There are no or limited amount of data from the use of formoterol in pregnant women. In animal studies formoterol has caused implantation losses as well as decreased early postnatal survival and birth weight. The effects appeared at considerably higher systemic exposures than those reached during clinical use of formoterol. Treatment with formoterol may be considered at all stages of pregnancy if needed to obtain asthma control, and if the expected benefit to the mother is greater than any possible risk to the fetus. The potential risk for human is unknown.
It is unknown whether formoterol are excreted in human milk. In rats, small amounts of formoterol have been detected in maternal milk. Administration of formoterol to women who are breastfeeding should only be considered if the expected benefit to the mother is greater than any possible risk to the child.
A risk to the newborns/infants cannot be excluded.
Formoterol has no influence on the ability to drive and use machines.
The most commonly reported adverse events of β2-agonist therapy, such as tremor and palpitations, tend to be mild and disappear within a few days of treatment.

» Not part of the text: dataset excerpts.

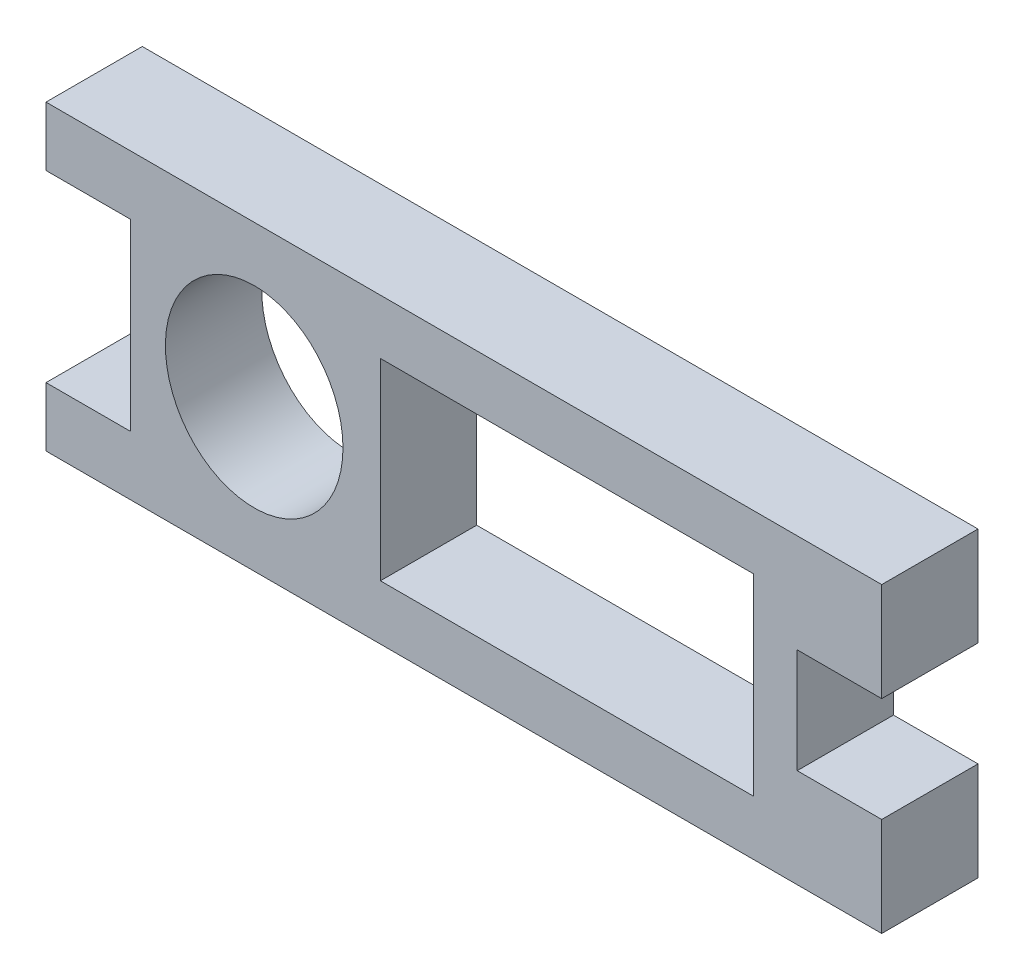
SolidWorks part; units mm, degrees
ref_plane "Front Plane" through (0, 0, 0) normal (0, 0, 1) x (1, 0, 0)
ref_plane "Top Plane" through (0, 0, 0) normal (0, 1, 0) x (1, 0, 0)
ref_plane "Right Plane" through (0, 0, 0) normal (1, 0, 0) x (0, 0, -1)
sketch "Sketch1" plane through (0, 0, 0) normal (0, 0, 1) x (1, 0, 0)
  line L0 (717.4092, 382.5577) -> (717.4092, 393.7158)
  line L1 (738.1592, 380.8428) -> (738.1592, 396.1306) construction
  line L2 (717.4092, 378.9577) -> (757.9092, 378.9577)
  line L3 (755.2592, 382.2867) -> (738.1592, 382.2867)
  line L4 (763.0434, 397.3158) -> (757.9092, 397.3158)
  line L5 (717.4092, 397.3158) -> (757.9092, 397.3158)
  line L6 (763.0434, 384.9577) -> (757.9092, 384.9577)
  line L7 (712.275, 393.7158) -> (717.4092, 393.7158)
  line L8 (763.0434, 378.9577) -> (763.0434, 384.9577)
  line L9 (763.0434, 378.9577) -> (757.9092, 378.9577)
  line L10 (712.275, 397.3158) -> (712.275, 393.7158)
  line L12 (717.4092, 378.9577) -> (712.275, 378.9577)
  line L13 (712.275, 378.9577) -> (712.275, 382.5577)
  line L14 (712.275, 382.5577) -> (717.4092, 382.5577)
  line L15 (717.4092, 397.3158) -> (712.275, 397.3158)
  line L17 (763.0434, 397.3158) -> (763.0434, 391.3158)
  line L18 (763.0434, 391.3158) -> (757.9092, 391.3158)
  line L19 (757.9092, 384.9577) -> (757.9092, 391.3158)
  line L20 (717.4107, 388.1367) -> (-49282.5893, 388.1367) construction
  line L21 (755.2592, 382.2867) -> (755.2592, 393.9867)
  line L22 (738.1592, 382.2867) -> (732.5897, 382.2867)
  line L23 (732.5897, 393.9867) -> (732.5897, 382.2867)
  line L24 (755.2592, 393.9867) -> (738.1592, 393.9867)
  line L25 (738.1592, 393.9867) -> (732.5897, 393.9867)
  line L26 (732.6592, 388.1367) -> (717.4092, 388.1367) construction
  line L31 (732.6592, 390.7223) -> (755.2592, 390.7223) construction
  ellipse E0 centre (724.9224, 388.1367) end of major axis (724.9224, 393.9867) minor radius 5.3936
  point P2 (732.6592, 388.1367)
  point P5 (717.4092, 388.1367)
  point P7 (717.4092, 388.1367)
  point P37 (755.2592, 388.1367)
  point P44 (755.2592, 388.1367)
  point P45 (732.4277, 388.1367)
  dimension "D1" = 11.7
  dimension "D2" = 3.6
  dimension "D3" = 6
  dimension "D4" = 18.3581
  dimension "D5" = 40.5
  dimension "D6" = 5.1342
  dimension "D7" = 22.6695
extrude "Boss-Extrude1" add sketch "Sketch1" along normal blind 5.85 contours L14 L13 L12 L9 L8 region at (717.949, 388.1367, 0)
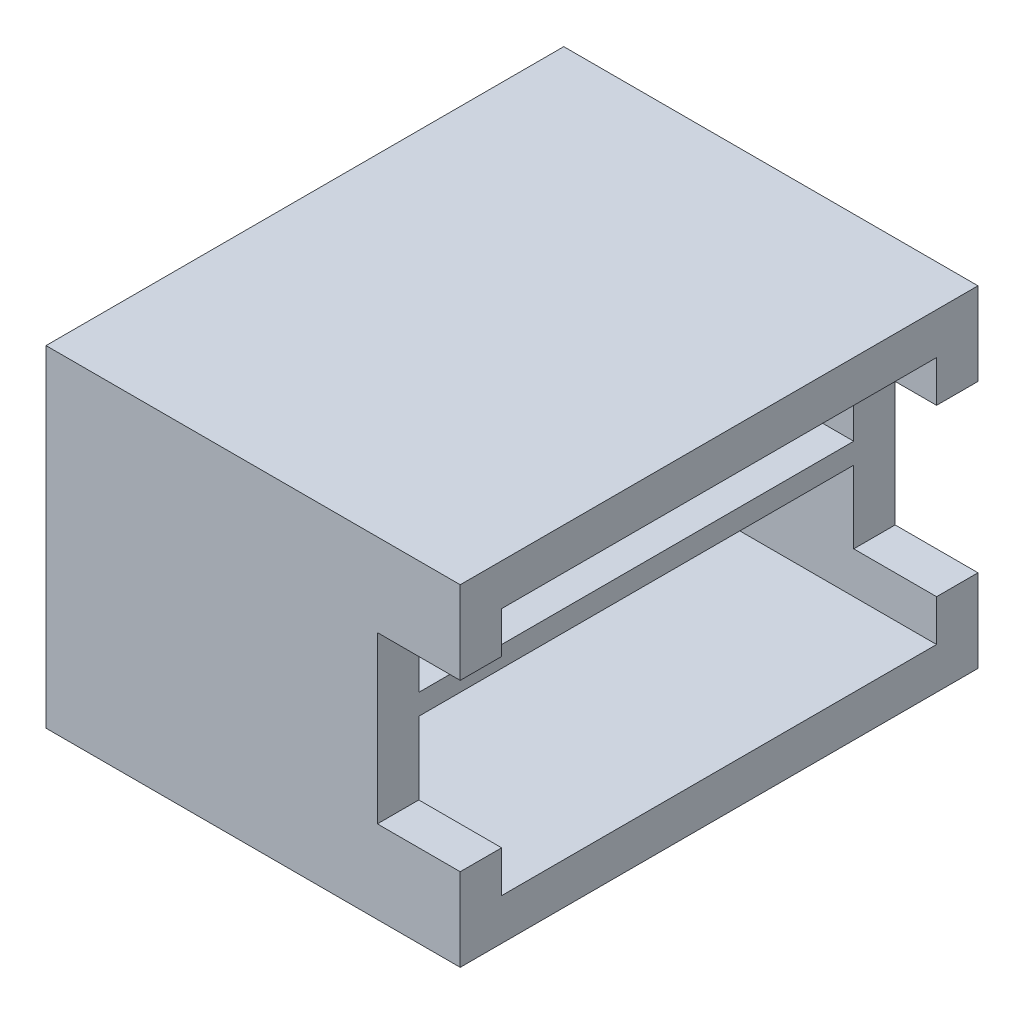
SolidWorks part; units mm, degrees
ref_plane "Front Plane" through (0, 0, 0) normal (0, 0, 1) x (1, 0, 0)
ref_plane "Top Plane" through (0, 0, 0) normal (0, 1, 0) x (1, 0, 0)
ref_plane "Right Plane" through (0, 0, 0) normal (1, 0, 0) x (0, 0, -1)
sketch "Croquis1" plane through (0, 0, 0) normal (0, 1, 0) x (1, 0, 0)
  line L1 (-10, 12.5) -> (10, 12.5)
  line L2 (-10, 12.5) -> (-10, -12.5)
  line L3 (-10, -12.5) -> (10, -12.5)
  line L4 (10, 12.5) -> (10, -12.5)
  line L5 (-10, 12.5) -> (10, -12.5) construction
  line L6 (-10, -12.5) -> (10, 12.5) construction
  point P0 (0, 0)
  dimension "D1" = 20
  dimension "D2" = 25
extrude "Saliente-Extruir4" add sketch "Croquis1" along normal blind 16
sketch "Croquis4" plane through (0, 0, 0) normal (1, 0, 0) x (0, 0, -1)
  line L0 (-12.5, 16) -> (12.5, 16) construction
  line L1 (-10.5, 14) -> (10.5, 14)
  line L2 (-10.5, 14) -> (-10.5, 2)
  line L3 (-10.5, 2) -> (10.5, 2)
  line L4 (10.5, 14) -> (10.5, 2)
  line L5 (-10.5, 14) -> (10.5, 2) construction
  line L6 (-10.5, 2) -> (10.5, 14) construction
  line L7 (-12.5, 16) -> (-12.5, 0) construction
  line L8 (-12.5, 0) -> (12.5, 0) construction
  line L9 (12.5, 16) -> (12.5, 0) construction
  point P0 (0, 8)
  dimension "D1" = 2
  dimension "D2" = 2
  dimension "D3" = 2
  dimension "D4" = 2
extrude "Cortar-Extruir1" cut sketch "Croquis4" against normal blind 18 from surface starting at face at (10, 8, 0)
sketch "Croquis5" plane through (0, 0, 0) normal (1, 0, 0) x (0, 0, -1)
  line L0 (10.5, 14) -> (-10.5, 14) construction
  line L2 (10.5, 2) -> (10.5, 14) construction
  line L3 (-10.5, 8.5) -> (10.5, 8.5)
  line L4 (-10.5, 8.5) -> (-10.5, 7.5)
  line L5 (-10.5, 7.5) -> (10.5, 7.5)
  line L6 (10.5, 8.5) -> (10.5, 7.5)
  line L7 (-10.5, 8.5) -> (10.5, 7.5) construction
  line L8 (-10.5, 7.5) -> (10.5, 8.5) construction
  point P4 (0, 8)
  dimension "D1" = 1
  dimension "D2" = 21
  dimension "D3" = 0
  dimension "D4" = 5.5
extrude "Saliente-Extruir6" add sketch "Croquis5" along normal blind 16 from surface starting at face at (-10, 8, 0)
sketch "Croquis7" plane through (0, 0, 0) normal (1, 0, 0) x (0, 0, -1)
  line L0 (-12.5, 16) -> (-12.5, 0) construction
  line L1 (-12.5, 12) -> (-10.5, 12)
  line L2 (-12.5, 12) -> (-12.5, 4)
  line L3 (-12.5, 4) -> (-10.5, 4)
  line L4 (-10.5, 12) -> (-10.5, 4)
  line L5 (-12.5, 12) -> (-10.5, 4) construction
  line L6 (-12.5, 4) -> (-10.5, 12) construction
  line L7 (-10.5, 7.5) -> (-10.5, 2) construction
  line L9 (-12.5, 16) -> (12.5, 16) construction
  line L10 (-12.5, 0) -> (12.5, 0) construction
  line L11 (0, 8) -> (0, 5.1009) construction
  line L12 (12.5, 12) -> (12.5, 4)
  line L13 (12.5, 4) -> (10.5, 4)
  line L14 (10.5, 12) -> (10.5, 4)
  line L15 (12.5, 4) -> (10.5, 12) construction
  line L16 (12.5, 12) -> (10.5, 4) construction
  line L17 (12.5, 12) -> (10.5, 12)
  point P0 (-11.5, 8)
  dimension "D1" = 0
  dimension "D2" = 0
  dimension "D3" = 4
  dimension "D4" = 4
extrude "Saliente-Extruir7" add sketch "Croquis7" along normal blind 4 from surface starting at face at (10, 8, 0)
extrude "Cortar-Extruir2" cut sketch "Croquis7<2>" against normal blind 8 from surface starting at face at (14, 8, 11.5)
sketch "Croquis7<2>" plane through (0, 0, 0) normal (1, 0, 0) x (0, 0, -1) same geometry as "Croquis7"
sketch "Croquis8" plane through (0, 0, 0) normal (0, 1, 0) x (1, 0, 0)
  line L0 (10, 12.5) -> (-10, 12.5) construction
  line L1 (-10, 5.5) -> (2.75, 5.5)
  line L2 (-10, 5.5) -> (-10, -5.5)
  line L3 (-10, -5.5) -> (2.75, -5.5)
  line L4 (2.75, 5.5) -> (2.75, -5.5)
  line L5 (-10, 5.5) -> (2.75, -5.5) construction
  line L6 (-10, -5.5) -> (2.75, 5.5) construction
  line L7 (-10, 12.5) -> (-10, -12.5) construction
  point P0 (-3.625, 0)
  point P5 (-4, 0)
  point P6 (-4, 0)
  dimension "D1" = 12.75
  dimension "D2" = 0
  dimension "D3" = 11
  dimension "D4" = 7
extrude "Saliente-Extruir8" add sketch "Croquis8" against normal blind 3
sketch "Croquis9" plane through (0, 0, 0) normal (0, 0, 1) x (1, 0, 0)
  line L0 (-10, 0) -> (10, 0) construction
  line L1 (-8.5, 0) -> (1.25, 0)
  line L2 (-8.5, 0) -> (-8.5, -1.5)
  line L3 (-8.5, -1.5) -> (1.25, -1.5)
  line L4 (1.25, 0) -> (1.25, -1.5)
  line L5 (-8.5, 0) -> (1.25, -1.5) construction
  line L6 (-8.5, -1.5) -> (1.25, 0) construction
  line L7 (-10, -3) -> (2.75, -3) construction
  line L8 (-10, -3) -> (-10, 0) construction
  line L9 (2.75, -3) -> (2.75, 0) construction
  point P0 (-3.625, -0.75)
  dimension "D1" = 0
  dimension "D2" = 1.5
  dimension "D3" = 1.5
  dimension "D4" = 1.5
extrude "Cortar-Extruir4" cut sketch "Croquis9" against normal mid plane 43

Adverse reactions, which have been associated with formoterol, are listed below by system organ class and frequency. Frequency is defined as: Very Common (≥1/10), Common (≥1/100, <1/10), Uncommon (≥1/1000, <1/100), Rare (≥1/10000, <1/1000), Very rare (<1/10000).
System organ Class | Adverse Reaction | Frequency |
---|---|---|
Blood and lymphatic system disorders | Thrombopenia | Very rare |
Immune system disorders | Hypersensitivity reactions, e.g. angioedema, bronchospasm, exanthema, urticaria, pruritus. | Rare |
Metabolism and nutrition disorders | Hypokalaemia, hyperglycaemia | Uncommon |
Psychiatric disorders | Agitation, restlessness, sleep disorder | Uncommon |
Abnormal behaviour, hallucination | Very rare | |
Nervous system disorders | Tremor, headache | Common |
Dizziness, taste disturbances | Uncommon | |
Central nervous system stimulation | Very rare | |
Cardiac disorders | Palpitations | Common |
Tachycardia | Uncommon | |
Cardiac arrhythmias, e.g. atrial fibrillation, supraventricular tachycardia, extrasystoles, Angina pectoris | Rare | |
Prolongation of QTc interval | Very rare | |
Vascular disorders | Variation in blood pressure | Rare |
Respiratory, thoracic and mediastinal disorders | Cough | Common |
Throat irritation | Uncommon | |
Bronchospasm paradoxical | Rare | |
Dyspnoea, exacerbation of asthma | Very rare | |
Gastrointestinal disorders | Nausea | Uncommon |
Skin and subcutaneous tissue disorders | Hyperhidrosis | Uncommon |
Musculoskeletal and connective tissue disorders | Muscle cramps, myalgia | Uncommon |
Renal and urinary disorders | Nephritis | Rare |
General disorders and admnistration site conditions | Oedema peripheral | Very rare |
Nausea, dysgeusia, throat irritation, hyperhidrosis, restlessness, headache, dizziness and muscle cramps may resolve spontaneously within one to two weeks of continued treatment.
Central nervous system stimulating effects have been sporadically reported following inhalation of β2-sympathomimetics, manifesting as hyperexcitability. These effects were mainly observed in children up to 12 years of age.
Treatment with β2-agonists may result in an increase in blood levels of insulin, free fatty acids, glycerol and ketone bodies.